The key proposals are:

  1. If you work for the public sector, through your own limited company, the business that pays your company (let’s call them ‘the paying agent’) will have to assess the status of your working practices.
  2. Where practices are deemed employment, the paying agent will deduct income tax and employee's National Insurance (NI) before transferring the net funds to the limited company.
  3. Income Tax and NI will be based only after allowing expenses that are available to everyday employees, so expect travel and subsistence (T&S) tax relief to be lost.
  4. HMRC are not convinced that a 5% flat deduction (adopted by the existing IR35 rules) is appropriate and will consult on that part.
  5. The tax deductions are paid by the paying agent to HMRC together with the employer’s NI, which is no longer the liability of your limited company.
  6. Your company will still have to pay corporation tax under normal rules, but if you have taken money as salary or dividends, then an offset will be available to avoid double taxation.

Who will this affect?

These rules will hit teachers, local authority, social and care workers, NHS workers and all UK and local government workers providing their services via their own limited company. There is no limit to the nature or scope of services provided, so it doesn’t matter whether you work in IT, project management, financial services or anything else for that matter. The question is: do you work for a public sector body?

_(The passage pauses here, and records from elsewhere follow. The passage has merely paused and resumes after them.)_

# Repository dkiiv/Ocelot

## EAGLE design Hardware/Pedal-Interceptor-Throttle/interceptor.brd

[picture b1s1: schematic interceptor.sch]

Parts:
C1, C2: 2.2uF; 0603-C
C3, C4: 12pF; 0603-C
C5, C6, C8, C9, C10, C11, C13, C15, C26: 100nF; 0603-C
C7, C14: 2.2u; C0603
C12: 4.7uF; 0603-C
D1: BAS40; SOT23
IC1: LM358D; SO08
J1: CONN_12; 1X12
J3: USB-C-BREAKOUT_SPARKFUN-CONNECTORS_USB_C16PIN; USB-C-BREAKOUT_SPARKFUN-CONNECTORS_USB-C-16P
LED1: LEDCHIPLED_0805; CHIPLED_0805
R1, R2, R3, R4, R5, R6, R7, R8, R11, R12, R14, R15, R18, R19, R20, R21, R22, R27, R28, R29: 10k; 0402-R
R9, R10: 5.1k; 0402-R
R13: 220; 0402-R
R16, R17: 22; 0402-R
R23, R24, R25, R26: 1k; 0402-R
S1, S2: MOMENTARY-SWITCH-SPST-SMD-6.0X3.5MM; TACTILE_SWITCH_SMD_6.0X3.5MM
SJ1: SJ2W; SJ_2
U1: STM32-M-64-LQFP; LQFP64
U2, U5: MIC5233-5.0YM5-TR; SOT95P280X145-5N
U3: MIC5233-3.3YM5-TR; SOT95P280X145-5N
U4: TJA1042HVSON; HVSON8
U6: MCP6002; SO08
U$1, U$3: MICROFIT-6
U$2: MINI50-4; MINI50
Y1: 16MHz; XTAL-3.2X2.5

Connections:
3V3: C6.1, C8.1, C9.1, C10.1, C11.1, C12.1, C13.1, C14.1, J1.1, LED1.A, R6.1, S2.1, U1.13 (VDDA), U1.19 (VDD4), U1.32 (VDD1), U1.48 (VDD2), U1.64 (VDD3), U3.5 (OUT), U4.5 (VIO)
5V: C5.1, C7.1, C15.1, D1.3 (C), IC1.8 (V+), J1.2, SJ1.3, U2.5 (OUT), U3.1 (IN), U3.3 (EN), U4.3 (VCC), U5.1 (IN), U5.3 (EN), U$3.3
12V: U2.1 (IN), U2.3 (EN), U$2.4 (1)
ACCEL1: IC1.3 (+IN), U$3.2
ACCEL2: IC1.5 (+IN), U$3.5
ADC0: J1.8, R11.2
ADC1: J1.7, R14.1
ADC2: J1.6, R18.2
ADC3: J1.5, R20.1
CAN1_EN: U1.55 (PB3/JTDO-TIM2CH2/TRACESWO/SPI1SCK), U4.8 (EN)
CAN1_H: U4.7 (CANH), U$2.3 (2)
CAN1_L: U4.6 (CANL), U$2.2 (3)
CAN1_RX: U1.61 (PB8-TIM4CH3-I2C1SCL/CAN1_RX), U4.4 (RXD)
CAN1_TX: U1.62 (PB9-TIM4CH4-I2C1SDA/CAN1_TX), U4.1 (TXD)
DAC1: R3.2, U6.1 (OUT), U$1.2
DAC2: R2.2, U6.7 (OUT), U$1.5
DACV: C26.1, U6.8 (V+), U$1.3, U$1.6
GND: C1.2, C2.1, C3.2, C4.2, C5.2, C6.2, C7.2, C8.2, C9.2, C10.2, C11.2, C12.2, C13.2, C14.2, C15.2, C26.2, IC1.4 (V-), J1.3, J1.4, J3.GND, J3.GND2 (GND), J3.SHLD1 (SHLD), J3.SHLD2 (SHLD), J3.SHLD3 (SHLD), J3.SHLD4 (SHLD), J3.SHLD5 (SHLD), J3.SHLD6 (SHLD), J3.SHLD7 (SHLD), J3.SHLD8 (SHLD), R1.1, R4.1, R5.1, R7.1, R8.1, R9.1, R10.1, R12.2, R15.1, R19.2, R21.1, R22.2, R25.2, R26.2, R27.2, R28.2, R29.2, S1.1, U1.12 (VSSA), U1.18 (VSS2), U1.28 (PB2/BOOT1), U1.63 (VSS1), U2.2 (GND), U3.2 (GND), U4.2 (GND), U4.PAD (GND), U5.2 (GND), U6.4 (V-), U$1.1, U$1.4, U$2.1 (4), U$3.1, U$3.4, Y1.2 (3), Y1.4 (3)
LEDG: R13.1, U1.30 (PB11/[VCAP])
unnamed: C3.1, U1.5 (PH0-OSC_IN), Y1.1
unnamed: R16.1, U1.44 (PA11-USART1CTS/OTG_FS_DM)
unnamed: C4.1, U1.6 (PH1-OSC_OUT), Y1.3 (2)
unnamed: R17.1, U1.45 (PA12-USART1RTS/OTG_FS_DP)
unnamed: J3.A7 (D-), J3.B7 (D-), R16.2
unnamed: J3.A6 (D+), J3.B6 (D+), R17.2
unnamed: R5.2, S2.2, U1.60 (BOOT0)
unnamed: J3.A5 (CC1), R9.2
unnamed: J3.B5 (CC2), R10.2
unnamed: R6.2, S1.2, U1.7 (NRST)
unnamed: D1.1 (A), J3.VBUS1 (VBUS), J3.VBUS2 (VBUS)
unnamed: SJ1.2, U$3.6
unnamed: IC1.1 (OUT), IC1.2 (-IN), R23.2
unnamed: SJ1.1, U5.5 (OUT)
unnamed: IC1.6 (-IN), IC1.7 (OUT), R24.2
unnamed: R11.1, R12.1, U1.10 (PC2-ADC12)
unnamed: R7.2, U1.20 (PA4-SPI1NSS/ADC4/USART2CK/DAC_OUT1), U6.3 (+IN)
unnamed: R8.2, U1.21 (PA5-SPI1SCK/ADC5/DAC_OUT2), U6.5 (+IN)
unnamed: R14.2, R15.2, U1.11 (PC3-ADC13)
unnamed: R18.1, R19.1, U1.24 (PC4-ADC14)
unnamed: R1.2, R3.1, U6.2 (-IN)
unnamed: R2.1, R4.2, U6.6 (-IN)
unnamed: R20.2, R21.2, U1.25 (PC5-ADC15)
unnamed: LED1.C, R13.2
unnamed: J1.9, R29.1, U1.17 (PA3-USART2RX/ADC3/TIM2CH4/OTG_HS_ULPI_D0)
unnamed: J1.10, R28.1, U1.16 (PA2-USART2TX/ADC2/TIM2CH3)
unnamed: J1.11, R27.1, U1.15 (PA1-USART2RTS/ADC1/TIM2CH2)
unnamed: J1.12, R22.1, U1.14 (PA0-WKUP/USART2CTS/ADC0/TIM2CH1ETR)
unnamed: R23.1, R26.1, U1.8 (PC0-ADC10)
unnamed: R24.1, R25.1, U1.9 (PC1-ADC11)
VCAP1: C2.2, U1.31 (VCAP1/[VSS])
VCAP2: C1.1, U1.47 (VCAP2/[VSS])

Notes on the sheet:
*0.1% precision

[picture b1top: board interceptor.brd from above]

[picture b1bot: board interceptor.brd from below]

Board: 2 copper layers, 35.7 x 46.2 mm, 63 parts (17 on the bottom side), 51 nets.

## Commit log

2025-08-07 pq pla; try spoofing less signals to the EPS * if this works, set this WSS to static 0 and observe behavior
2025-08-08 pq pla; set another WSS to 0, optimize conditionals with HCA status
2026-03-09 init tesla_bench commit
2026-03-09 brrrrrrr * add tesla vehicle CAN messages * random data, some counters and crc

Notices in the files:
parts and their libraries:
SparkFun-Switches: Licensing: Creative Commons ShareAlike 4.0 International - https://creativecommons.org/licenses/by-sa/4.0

Anomalies: the fundamental five

Having looked at the small print and considered the implications, these proposals have some rather glaring anomalies that are not answered in HMRC’s technical note:

  • Firstly, if the employer's NI becomes payable by the paying agent, then the contract must already reflect this in its terms and rates. As a contract is drawn up typically before working practices are correctly assessable, how will the treatment of employers’ NI be known, therefore, before it can be established where the employer’s liability lies?
  • Secondly, these changes are not changes to IR35 generally, they are referred to as new rules. How can there be simplification if a limited company contractor has to potentially contend with IR35 for non-public sector work, and IR35 ‘mark two’ for public sector assignments?
  • Thirdly, if the limited company is to be subject to corporation tax in the normal way, then how will retained funds be taxed? The paying agent deducts income tax and NI; this does not determine that salary is taken. If the company can only deduct the actual salary paid, then there will be double taxation. This can only be overcome by matching salary deductions with a presumed salary, but that may not reflect actual outcomes.
  • Fourthly, this creates a two-tier system. For example, an IT contractor working for Google will be potentially subject to a different set of rules to the IT contractor doing similar work for a public sector body. Care workers in the public sector will be different to care workers in the private sector. Whatever happened to ‘levelling the playing field’?
  • Fifth, will the paying agent be truly experienced and skilled enough to assess status? This was one of the biggest issues facing the IR35 discussion document. Will the paying agent only be allowed to rely on facts presented by the engager? Will that engager understand what is relevant?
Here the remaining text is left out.